1. Sonny Boy Terry--Anyone that reads my blog has read bits and pieces about Sonny Boy Terry. I've seen him step up in a room filled with great harmonica players and rise above them all with one, fat harp note. He is as good as anybody out there.
2. Gary Primich--One of the most versatile harp players in terms of moving from one style to another, but when he chose to do the deep, heavy toned stuff, he could be untouchable. I was sitting next to Sonny Boy Terry one night when Primich hit the stage and Terry had one thing to say about the first lick hit, "Whoa, FAT!" Listen to Mark Hummel's Bluesharp Meltdown with Primich featured and it is clear that he melts them all down. He passed away way too soon.
3. Kim Wilson--He is simply the King of the Hill.
4. Rick Estrin--He and Kim were pulling from the Source back in the late '60s and now they are the Source. May the Source be with you.
5. Rod Piazza--Ditto to #3. Has to be something special about guys like these who keep it real and have been at it for 40 some-odd years. I actually understood Little Walter a little more after listening to my first Piazza recording.
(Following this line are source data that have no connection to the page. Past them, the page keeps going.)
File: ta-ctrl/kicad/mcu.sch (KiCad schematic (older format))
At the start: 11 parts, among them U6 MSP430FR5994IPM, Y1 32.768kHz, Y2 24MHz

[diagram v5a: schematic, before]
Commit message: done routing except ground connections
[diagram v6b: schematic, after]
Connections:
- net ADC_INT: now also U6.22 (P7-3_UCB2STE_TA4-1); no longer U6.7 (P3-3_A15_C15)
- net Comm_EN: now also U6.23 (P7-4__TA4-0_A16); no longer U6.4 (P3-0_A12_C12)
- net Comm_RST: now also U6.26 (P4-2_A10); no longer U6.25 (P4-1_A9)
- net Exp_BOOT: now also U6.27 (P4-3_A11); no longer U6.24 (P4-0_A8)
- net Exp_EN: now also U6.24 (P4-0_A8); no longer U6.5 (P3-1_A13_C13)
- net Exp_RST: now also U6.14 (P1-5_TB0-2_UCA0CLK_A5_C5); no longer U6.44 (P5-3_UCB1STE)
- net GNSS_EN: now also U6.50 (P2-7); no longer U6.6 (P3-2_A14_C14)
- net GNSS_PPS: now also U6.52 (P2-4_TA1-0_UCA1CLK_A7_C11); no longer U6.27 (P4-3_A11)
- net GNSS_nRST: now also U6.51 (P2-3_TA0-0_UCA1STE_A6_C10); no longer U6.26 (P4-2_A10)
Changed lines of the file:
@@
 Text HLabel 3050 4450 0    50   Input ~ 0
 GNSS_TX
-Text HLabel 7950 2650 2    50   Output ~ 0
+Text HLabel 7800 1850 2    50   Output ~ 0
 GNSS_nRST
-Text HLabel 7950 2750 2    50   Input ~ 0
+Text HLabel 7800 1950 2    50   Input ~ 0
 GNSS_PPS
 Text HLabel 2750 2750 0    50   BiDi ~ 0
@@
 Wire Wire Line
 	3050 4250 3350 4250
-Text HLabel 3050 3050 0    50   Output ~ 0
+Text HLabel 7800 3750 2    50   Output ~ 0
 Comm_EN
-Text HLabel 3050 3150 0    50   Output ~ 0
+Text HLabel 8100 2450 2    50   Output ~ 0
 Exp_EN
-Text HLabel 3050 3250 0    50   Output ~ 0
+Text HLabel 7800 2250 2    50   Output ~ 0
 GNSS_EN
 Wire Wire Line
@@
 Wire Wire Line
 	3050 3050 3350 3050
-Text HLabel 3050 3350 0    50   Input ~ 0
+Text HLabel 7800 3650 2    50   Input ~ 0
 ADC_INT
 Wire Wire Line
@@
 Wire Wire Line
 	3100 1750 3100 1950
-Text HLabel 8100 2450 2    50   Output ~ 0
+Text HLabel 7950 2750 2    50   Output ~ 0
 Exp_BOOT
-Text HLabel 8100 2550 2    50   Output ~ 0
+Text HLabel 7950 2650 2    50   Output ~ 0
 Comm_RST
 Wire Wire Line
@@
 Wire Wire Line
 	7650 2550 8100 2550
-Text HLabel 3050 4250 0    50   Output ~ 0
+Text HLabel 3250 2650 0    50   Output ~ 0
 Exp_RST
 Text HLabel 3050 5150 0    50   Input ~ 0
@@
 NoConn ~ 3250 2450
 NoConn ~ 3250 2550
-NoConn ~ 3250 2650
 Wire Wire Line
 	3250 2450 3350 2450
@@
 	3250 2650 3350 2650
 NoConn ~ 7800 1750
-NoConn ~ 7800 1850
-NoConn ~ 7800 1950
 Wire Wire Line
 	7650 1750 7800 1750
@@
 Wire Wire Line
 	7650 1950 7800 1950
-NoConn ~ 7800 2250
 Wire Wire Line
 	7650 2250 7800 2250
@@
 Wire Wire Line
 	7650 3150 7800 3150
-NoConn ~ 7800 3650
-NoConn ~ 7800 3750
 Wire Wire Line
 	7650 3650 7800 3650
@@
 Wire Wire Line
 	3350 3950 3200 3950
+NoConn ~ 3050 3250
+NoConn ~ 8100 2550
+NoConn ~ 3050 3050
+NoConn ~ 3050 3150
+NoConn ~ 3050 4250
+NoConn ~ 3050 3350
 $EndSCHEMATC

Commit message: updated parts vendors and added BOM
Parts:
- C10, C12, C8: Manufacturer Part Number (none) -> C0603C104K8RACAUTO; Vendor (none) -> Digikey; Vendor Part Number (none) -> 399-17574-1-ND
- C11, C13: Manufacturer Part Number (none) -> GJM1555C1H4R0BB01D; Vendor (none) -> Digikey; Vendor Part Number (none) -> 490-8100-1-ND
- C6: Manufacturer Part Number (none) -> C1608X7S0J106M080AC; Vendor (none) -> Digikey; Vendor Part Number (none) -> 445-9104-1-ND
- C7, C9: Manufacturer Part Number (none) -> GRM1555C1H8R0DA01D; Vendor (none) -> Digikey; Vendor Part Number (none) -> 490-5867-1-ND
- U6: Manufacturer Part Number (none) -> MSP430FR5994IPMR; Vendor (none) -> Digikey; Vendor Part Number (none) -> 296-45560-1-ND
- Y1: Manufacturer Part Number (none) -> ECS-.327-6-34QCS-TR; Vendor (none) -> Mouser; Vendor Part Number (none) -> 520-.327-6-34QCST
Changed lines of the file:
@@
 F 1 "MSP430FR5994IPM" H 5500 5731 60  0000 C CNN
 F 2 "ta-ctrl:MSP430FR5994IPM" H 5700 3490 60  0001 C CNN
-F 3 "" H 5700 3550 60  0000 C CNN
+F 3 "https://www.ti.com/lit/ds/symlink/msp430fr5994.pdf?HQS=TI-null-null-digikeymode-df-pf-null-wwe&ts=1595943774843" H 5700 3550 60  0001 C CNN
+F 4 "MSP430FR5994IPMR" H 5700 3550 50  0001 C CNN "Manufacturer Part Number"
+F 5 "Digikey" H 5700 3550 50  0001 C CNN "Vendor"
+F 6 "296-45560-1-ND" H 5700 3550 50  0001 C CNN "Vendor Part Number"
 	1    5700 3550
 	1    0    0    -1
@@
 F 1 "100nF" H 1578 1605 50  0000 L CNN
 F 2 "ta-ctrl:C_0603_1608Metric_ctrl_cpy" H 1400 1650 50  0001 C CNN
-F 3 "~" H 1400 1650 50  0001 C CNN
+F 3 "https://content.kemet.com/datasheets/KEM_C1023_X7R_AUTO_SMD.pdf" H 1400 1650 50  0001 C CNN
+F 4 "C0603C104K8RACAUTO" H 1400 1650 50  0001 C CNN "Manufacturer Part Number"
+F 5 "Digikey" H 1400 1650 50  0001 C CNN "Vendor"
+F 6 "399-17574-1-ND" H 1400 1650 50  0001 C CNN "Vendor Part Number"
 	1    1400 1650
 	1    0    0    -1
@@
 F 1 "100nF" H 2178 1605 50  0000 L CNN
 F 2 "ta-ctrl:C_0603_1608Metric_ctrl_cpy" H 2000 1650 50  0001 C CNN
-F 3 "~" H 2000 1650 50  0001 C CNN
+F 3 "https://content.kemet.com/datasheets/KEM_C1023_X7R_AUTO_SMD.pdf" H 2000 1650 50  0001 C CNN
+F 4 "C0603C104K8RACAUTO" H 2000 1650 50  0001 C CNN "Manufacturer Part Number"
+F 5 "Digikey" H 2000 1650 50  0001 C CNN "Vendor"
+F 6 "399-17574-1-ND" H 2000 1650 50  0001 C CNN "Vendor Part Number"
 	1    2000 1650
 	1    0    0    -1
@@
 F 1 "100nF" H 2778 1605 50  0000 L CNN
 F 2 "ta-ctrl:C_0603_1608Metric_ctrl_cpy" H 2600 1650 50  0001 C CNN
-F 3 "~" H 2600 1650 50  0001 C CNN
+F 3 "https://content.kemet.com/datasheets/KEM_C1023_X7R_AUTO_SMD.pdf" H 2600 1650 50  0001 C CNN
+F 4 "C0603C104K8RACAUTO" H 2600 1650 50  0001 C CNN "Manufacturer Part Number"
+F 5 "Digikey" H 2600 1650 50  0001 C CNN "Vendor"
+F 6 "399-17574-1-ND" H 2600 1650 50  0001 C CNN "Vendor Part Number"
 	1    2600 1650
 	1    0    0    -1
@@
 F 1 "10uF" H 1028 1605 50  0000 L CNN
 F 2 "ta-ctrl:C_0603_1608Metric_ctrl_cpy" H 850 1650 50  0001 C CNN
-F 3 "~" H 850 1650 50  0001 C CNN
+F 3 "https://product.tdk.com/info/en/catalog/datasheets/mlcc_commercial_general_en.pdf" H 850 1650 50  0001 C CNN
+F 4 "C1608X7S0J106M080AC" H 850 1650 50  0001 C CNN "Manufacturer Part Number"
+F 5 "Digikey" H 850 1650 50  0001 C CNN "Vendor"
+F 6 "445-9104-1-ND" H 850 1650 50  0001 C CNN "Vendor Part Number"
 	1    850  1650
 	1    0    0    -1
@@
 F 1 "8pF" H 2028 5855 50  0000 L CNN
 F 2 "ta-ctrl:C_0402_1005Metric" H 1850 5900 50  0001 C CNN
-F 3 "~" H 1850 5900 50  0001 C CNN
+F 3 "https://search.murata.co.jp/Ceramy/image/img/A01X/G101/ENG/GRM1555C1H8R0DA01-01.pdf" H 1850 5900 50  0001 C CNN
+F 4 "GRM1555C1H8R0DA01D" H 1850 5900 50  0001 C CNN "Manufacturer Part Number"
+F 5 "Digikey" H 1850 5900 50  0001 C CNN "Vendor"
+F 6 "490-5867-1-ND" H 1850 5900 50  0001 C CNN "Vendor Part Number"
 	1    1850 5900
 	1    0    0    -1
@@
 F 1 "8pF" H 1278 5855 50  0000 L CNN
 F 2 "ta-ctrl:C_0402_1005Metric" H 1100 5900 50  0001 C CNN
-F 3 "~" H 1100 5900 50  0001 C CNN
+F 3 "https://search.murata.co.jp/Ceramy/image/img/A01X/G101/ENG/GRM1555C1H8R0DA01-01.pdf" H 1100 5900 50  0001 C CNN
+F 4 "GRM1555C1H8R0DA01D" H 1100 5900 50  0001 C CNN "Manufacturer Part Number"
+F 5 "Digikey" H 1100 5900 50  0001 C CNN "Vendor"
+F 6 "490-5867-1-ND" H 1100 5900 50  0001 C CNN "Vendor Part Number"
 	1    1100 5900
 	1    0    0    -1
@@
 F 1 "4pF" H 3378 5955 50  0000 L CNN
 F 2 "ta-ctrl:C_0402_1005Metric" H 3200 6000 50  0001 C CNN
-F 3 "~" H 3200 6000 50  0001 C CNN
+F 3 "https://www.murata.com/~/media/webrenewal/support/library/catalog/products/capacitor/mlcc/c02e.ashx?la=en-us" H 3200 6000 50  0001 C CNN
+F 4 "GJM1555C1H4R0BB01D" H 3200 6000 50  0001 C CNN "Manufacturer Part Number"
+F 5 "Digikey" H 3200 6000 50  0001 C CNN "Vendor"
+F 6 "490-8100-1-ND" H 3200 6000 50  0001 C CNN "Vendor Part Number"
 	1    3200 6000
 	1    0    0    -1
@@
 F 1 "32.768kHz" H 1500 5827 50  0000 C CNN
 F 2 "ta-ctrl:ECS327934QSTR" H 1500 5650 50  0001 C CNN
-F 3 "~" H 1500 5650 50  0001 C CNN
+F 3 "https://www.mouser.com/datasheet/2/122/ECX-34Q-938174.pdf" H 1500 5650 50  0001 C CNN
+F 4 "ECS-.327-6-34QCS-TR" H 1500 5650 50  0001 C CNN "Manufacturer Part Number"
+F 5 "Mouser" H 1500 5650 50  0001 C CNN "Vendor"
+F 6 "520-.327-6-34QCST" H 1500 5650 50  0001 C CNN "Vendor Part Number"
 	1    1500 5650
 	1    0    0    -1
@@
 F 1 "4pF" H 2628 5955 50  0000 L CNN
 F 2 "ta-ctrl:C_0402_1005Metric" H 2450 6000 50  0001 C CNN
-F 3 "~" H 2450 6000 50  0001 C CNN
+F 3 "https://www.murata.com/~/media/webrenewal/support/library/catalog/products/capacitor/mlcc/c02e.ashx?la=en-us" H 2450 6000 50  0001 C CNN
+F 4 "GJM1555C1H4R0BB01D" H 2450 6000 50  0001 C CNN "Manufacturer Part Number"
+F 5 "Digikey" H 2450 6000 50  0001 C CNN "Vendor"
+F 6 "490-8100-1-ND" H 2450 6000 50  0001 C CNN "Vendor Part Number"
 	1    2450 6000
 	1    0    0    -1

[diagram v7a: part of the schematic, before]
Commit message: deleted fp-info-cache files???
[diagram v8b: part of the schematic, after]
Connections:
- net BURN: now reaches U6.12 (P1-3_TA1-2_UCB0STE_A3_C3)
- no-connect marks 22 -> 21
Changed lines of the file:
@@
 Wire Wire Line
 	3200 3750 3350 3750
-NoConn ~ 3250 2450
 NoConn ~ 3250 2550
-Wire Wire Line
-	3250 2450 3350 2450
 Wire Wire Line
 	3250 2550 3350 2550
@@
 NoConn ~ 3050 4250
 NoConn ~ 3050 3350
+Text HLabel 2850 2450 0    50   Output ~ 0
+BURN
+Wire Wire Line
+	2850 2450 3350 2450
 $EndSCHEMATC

6. James Harman--I just like the tone he gets going once he plugs in and he's right with #3,#4 as far as tenure on the circuit goes and hangs with them all.
7. Gary Smith--Took me a little longer to catch on to Smith, but if the rest of the guys above defer to him as THE Westcoast Guru, then he is. It is tone that matters most with him and he produces it in spades.
8. Lester Butler--My favorite live recording is his Red Devils Live at King King. A classic. Another one that left the planet too early.
9. Ian Collard--The Aussie has tone to the bone and can do the overblow/draw thang while he is at it and does it with a great trio from down under.
10.Stephen Schneider--Professor Schneider has straighten me out more times than I can remember as far as what I should be doing to become a more toneful harp dude. In fact, he frequently straightened a whole roomful of HOOT (Harmonica Organization Of Texas) members and got us flying on a better path. We listened because we couldn't get close to the tones that he was producing before our very ears, but some of us tried. Many years later and I'm still not there, but I'm much, much better because of his insistence that I get better.
11. Charlie Musselwhite--I was going to stop at 10, but I can't overlook the Granddaddy of them all. He was the first blues harp player that I heard that really used a lot more of the harp than most bluesmen. Instead of working out just on the first 6 holes, he ran up and down the thing more frequently. He's also the only one with a seminal '60s recording to his fame. He just keeps on keeping on.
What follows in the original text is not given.